Они жевали бутерброды, и под чаек Юрасик наконец спросил:
— А как там… с тобой вышло-то? Поведай.
Андрей зябко повел плечами:
— Если б вы могли прочувствовать то, что я пережил за эти сутки в образе… — Он повертел головой, не найдя слов.
— Ну, я это тоже прочувствовал, да и сутки-то ты «в образе» не пробыл. Я сразу Ленку за тобой отправил.
— Да? Но вы представляете, Юрьпетрович, в этом… облике время воспринимается по-другому. Я уже начал думать, что вы про меня забыли, и я просидел там как минимум три дня. Хотя по режиму освещенности это было объективно не так… Вы знаете, что у вас в кабинете мыши водятся?
— Ну да?
— Ага. Такие огромные…
Юрасик прыснул, закашлялся и запил смех чаем.
— А что Лена сказала, когда тебя увидела?

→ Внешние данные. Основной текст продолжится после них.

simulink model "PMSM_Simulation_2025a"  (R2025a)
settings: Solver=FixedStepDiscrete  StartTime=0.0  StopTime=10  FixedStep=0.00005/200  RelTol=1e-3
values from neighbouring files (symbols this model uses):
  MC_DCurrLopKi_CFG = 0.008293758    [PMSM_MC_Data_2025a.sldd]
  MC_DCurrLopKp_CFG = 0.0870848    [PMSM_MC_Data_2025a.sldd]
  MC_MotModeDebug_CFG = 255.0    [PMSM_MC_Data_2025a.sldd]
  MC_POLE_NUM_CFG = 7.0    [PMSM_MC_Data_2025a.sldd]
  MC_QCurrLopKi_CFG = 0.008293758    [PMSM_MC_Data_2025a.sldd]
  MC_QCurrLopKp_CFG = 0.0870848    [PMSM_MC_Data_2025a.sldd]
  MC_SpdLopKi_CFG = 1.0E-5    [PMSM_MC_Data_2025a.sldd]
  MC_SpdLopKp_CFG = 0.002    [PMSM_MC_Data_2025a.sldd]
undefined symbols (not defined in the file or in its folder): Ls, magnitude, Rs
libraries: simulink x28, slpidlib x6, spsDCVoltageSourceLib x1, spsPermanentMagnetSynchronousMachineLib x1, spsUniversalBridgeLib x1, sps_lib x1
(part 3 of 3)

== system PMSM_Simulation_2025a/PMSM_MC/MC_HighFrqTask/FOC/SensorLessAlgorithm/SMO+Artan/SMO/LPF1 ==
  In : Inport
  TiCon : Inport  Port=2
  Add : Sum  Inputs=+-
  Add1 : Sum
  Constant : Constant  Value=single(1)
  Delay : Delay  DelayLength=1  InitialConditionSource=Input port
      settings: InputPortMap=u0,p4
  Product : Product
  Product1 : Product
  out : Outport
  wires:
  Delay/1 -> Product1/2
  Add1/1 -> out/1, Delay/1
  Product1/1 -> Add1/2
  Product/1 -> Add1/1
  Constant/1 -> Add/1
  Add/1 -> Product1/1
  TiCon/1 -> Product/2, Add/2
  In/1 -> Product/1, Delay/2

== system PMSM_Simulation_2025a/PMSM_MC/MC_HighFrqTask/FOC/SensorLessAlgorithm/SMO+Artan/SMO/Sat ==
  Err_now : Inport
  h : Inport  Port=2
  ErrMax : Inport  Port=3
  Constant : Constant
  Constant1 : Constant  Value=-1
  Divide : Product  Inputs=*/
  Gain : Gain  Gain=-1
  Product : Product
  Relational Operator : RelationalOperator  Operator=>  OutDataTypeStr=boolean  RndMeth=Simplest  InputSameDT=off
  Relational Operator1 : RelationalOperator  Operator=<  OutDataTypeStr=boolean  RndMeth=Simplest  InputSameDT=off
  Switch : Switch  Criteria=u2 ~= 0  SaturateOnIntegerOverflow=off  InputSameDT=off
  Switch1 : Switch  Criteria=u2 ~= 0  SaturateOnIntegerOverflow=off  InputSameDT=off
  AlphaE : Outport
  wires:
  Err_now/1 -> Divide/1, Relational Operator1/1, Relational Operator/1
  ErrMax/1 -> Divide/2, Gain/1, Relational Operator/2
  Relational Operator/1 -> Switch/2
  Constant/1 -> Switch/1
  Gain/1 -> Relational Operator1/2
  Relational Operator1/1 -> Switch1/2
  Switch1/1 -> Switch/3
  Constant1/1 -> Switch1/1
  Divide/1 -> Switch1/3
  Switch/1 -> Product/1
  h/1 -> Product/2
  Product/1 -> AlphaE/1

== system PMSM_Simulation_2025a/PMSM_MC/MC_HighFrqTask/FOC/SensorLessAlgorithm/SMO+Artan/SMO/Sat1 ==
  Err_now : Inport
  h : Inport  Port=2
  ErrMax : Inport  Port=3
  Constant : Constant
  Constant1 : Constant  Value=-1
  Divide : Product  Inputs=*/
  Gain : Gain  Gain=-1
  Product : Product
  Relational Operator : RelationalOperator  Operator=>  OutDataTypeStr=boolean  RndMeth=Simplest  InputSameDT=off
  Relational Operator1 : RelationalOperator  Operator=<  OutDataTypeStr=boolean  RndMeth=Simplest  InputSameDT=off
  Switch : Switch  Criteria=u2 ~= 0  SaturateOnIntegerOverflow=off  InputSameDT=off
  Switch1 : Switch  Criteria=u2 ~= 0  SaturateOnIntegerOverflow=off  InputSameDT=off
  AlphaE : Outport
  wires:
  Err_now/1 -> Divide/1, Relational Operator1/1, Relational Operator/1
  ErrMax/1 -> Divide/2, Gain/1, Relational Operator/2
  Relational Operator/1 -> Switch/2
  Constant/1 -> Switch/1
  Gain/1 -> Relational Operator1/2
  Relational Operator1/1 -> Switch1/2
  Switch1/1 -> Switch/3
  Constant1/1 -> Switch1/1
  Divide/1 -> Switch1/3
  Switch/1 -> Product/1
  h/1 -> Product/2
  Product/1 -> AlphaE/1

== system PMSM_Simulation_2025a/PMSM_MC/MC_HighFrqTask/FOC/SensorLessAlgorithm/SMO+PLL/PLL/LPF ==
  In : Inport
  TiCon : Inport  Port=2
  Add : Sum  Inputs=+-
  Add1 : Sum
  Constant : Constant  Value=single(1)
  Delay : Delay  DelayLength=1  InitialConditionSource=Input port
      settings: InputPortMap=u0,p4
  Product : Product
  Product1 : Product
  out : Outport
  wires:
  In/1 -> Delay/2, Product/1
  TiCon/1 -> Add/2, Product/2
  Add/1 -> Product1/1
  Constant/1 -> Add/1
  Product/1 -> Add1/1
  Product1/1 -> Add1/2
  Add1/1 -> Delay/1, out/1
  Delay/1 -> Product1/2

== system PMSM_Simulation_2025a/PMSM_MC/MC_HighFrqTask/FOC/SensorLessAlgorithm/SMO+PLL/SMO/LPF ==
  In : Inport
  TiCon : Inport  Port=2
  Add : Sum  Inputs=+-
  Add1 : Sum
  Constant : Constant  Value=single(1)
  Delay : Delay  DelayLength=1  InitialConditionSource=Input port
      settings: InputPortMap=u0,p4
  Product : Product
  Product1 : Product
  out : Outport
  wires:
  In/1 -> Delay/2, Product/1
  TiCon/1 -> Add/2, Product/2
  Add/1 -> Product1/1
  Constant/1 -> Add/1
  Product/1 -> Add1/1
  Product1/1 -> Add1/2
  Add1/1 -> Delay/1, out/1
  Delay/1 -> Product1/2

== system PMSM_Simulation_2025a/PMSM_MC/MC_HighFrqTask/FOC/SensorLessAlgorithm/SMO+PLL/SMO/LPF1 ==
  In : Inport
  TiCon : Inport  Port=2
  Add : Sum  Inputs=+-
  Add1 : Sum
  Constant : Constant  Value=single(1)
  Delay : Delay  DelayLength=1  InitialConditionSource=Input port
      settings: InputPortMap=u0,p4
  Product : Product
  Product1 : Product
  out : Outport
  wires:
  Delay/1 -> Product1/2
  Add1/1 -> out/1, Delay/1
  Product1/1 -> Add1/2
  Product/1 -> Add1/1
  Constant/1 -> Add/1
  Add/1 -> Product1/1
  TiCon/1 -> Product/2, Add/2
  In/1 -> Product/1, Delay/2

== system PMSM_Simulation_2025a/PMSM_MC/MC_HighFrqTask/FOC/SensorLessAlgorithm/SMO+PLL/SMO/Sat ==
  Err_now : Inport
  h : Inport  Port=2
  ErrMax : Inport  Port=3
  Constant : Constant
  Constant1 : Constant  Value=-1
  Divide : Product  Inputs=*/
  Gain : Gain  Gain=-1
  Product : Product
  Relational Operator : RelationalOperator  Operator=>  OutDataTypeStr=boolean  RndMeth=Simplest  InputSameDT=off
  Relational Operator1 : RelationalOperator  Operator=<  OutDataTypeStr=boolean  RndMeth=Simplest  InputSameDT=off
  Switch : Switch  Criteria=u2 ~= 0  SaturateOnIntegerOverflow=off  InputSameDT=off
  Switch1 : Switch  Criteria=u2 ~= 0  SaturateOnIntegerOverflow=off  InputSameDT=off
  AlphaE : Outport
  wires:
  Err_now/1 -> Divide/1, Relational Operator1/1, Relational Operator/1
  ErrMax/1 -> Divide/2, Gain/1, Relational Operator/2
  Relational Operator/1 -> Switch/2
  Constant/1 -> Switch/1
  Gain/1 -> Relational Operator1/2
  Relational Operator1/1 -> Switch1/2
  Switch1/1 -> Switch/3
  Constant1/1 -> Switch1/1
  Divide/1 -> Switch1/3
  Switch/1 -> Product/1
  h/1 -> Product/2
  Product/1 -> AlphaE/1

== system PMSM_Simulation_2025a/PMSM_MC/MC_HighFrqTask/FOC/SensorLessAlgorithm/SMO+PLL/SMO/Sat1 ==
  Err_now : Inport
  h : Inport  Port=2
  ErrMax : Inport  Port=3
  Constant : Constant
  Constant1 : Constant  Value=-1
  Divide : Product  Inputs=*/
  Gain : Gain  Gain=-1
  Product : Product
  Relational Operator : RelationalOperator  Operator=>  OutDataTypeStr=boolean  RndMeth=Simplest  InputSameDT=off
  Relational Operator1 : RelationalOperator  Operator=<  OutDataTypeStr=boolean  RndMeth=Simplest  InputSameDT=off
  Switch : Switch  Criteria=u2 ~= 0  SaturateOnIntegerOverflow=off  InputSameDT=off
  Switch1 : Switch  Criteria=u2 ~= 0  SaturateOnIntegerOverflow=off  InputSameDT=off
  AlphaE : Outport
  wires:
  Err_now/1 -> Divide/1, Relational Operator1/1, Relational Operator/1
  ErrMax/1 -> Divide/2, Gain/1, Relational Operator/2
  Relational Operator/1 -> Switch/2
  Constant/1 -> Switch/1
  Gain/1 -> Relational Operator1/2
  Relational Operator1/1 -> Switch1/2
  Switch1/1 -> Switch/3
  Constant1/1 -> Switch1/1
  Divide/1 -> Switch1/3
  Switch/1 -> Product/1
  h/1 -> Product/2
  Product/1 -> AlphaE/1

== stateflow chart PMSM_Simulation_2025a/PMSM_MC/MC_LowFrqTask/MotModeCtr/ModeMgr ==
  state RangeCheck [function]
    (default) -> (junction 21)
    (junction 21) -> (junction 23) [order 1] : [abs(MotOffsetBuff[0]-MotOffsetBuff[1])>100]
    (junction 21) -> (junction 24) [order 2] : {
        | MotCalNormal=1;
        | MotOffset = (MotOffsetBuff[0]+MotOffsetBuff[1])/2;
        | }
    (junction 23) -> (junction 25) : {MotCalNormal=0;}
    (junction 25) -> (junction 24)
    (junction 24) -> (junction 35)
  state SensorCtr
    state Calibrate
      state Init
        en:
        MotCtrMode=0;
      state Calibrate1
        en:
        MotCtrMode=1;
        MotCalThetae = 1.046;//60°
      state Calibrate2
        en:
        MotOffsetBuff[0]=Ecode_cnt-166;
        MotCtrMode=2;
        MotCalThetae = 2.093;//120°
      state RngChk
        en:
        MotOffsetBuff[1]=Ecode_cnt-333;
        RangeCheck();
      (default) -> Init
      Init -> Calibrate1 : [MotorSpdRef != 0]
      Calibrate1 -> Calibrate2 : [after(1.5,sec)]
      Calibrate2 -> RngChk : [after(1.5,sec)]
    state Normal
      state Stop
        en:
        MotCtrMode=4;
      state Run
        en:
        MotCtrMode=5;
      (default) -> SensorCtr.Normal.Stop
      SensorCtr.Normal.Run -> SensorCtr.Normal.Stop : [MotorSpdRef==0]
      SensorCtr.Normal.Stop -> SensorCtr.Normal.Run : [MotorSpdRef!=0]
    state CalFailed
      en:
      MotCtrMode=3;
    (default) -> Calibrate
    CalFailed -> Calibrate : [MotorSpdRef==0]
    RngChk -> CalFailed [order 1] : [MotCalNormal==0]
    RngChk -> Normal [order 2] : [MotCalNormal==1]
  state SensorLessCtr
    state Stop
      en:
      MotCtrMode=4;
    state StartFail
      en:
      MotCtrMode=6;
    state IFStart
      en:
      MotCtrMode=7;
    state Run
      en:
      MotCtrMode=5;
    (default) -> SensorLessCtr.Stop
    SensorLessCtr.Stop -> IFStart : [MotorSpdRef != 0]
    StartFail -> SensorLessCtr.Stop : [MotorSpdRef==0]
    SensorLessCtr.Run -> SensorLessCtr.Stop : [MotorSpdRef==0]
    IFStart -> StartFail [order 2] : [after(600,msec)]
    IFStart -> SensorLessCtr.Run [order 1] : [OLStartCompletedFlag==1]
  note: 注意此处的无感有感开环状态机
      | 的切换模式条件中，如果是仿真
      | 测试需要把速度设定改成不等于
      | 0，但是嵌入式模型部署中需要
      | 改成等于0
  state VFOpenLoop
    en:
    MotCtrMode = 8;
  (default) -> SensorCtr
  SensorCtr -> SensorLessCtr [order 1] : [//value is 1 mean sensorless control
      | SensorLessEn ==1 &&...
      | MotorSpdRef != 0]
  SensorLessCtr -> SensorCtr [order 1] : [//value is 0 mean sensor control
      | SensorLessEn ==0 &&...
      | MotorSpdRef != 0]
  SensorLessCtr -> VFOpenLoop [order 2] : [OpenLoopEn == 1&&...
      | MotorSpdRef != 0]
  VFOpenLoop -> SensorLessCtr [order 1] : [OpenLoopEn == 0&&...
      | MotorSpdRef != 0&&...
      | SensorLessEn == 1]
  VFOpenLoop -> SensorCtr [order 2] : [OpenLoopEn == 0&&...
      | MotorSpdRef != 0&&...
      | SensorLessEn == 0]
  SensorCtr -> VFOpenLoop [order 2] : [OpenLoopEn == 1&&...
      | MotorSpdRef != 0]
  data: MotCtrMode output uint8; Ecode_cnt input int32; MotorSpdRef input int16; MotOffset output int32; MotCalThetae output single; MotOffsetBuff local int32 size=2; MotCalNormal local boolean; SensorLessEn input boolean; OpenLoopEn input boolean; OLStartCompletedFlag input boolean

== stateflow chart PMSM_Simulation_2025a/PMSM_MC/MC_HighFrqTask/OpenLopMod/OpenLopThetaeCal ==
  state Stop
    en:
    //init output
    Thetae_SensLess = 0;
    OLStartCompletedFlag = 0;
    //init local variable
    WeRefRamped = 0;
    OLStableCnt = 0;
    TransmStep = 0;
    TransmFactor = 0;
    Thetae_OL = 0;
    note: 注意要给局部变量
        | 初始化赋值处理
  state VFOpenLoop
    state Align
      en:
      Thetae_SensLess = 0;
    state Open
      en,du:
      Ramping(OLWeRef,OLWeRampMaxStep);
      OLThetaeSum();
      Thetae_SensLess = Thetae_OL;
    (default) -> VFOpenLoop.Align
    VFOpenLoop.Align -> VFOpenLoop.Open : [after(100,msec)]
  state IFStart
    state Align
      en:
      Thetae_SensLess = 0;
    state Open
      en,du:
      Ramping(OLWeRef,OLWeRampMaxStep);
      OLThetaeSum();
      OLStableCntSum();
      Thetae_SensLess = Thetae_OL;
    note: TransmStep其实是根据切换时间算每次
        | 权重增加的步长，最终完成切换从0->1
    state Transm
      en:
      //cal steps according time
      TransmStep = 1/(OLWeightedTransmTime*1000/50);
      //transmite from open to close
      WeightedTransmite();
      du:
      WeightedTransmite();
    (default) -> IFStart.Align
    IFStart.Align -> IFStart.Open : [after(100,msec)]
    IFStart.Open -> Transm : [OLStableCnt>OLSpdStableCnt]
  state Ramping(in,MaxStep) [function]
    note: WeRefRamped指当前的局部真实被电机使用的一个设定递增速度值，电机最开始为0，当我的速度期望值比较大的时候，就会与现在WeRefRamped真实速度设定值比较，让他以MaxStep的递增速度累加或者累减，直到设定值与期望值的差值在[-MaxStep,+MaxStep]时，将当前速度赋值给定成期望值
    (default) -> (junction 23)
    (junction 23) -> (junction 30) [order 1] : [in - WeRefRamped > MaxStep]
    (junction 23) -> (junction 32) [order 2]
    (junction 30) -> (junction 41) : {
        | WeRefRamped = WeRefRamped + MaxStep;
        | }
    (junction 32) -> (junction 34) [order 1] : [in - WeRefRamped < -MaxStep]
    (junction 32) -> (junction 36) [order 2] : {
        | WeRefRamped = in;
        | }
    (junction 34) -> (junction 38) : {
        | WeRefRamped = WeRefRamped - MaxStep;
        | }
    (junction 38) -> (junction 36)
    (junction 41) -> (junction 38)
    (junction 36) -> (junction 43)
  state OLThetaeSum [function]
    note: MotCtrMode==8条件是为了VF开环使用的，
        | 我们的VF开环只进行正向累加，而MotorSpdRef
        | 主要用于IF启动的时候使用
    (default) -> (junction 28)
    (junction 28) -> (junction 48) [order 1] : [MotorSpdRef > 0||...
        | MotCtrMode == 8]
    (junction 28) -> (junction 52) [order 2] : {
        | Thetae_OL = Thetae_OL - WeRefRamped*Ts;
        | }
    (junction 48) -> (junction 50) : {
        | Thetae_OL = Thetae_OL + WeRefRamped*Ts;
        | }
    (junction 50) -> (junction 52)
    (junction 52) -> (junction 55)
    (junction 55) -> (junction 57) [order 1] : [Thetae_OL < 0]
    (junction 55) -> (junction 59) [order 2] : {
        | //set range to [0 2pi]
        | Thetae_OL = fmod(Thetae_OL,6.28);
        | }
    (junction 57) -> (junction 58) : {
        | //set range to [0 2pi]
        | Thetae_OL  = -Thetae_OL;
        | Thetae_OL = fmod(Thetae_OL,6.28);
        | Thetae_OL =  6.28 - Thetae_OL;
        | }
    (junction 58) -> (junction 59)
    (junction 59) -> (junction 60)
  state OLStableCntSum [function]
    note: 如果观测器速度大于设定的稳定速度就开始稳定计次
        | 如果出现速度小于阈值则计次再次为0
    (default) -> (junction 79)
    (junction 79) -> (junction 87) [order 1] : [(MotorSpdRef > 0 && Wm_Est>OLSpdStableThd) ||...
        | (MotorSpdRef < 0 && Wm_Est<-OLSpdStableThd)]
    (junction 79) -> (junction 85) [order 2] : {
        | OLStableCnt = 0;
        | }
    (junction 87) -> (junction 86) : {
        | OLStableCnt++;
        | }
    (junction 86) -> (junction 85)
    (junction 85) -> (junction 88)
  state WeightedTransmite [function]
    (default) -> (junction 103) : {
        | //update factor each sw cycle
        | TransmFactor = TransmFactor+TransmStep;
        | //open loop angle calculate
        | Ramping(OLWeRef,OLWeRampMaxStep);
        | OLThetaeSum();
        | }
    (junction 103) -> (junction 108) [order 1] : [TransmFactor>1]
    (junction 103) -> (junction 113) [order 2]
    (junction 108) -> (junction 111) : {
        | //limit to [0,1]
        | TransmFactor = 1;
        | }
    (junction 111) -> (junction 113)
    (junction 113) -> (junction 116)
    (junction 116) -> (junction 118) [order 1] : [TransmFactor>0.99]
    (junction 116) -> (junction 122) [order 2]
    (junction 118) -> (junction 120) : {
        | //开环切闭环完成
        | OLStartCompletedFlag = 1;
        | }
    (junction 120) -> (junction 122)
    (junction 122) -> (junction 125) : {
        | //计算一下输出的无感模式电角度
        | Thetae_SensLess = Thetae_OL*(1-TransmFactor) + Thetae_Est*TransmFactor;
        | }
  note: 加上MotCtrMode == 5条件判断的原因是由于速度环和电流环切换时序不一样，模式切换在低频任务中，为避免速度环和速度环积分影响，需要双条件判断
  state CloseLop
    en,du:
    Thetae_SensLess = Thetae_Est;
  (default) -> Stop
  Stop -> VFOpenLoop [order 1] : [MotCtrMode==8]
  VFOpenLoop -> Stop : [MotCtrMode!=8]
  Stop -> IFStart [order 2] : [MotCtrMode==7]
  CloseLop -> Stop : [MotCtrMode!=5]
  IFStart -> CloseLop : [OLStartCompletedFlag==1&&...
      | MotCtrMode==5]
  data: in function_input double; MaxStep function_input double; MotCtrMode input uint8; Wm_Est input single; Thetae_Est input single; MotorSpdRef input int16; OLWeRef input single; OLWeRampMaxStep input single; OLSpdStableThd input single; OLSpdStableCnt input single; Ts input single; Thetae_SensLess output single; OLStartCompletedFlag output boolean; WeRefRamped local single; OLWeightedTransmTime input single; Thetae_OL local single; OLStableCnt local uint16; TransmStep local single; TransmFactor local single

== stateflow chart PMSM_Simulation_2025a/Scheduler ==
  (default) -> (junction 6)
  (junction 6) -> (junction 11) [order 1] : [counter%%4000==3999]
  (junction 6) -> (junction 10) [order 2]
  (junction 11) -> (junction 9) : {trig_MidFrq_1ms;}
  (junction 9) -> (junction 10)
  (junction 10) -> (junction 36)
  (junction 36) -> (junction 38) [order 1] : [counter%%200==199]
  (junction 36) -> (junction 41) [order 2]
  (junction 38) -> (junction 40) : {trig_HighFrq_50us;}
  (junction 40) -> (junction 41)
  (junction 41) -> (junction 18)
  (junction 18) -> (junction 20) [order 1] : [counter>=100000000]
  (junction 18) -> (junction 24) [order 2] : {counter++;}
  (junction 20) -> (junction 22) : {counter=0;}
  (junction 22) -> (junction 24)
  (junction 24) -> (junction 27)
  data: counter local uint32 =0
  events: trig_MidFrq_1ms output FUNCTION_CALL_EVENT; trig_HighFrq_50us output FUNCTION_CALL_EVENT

— Да что тут скажешь… Минут пять, наверное, в себя приходила. Потом так хохотать начала, что Катя стала в дверь стучать.
— А Ленка?
— Посадила меня в сумочку, и мы поехали к Георггеоргичу…
— …Лечиться.
— Ага!
— А дед чего?
— Да просто в восторг пришел от результатов, что-то сразу записывать в блокнот бросился, пометки для новой программы делать… Но потом ничего… Нашел что-то среди оборудования, все сделал как положено, чистенько… Мастер!..
— Всех мы с тобой позабавили… Вопрос, как на нашу акцию клиент откликнется. Вот я тут лежу распластанный и ничего узнать не могу.
— А вы телевизор не смотрели? Там в столичных новостях упоминали…
— Ну да?!
— Угу.
— И чего говорят?
— Что у милиции нет версий исчезновения фургонов, кроме конкурентной борьбы.
— Это не страшно.
— А вы собираетесь… возвращать эти?
— Вернем, почему нет? Только пусть придут и попросят.
Дальнейшие расспросы прекратил многозначительный взгляд Юрасика. Андрей решил сменить тему и спросил:
— Юрьпетрович, нравится вам роспись зала?
— Нравится, — честно признался Юрасик. — Даже не хочется мебель ставить. Людики твои — как живые.
— А особой мебели и не надо. Поставим пять-шесть банкеток, посередине — фуршетный стол. Молодые гости плясать будут, пожилые посидят… Очень оригинально. Уверяю вас, такого в Москве ни у кого нет.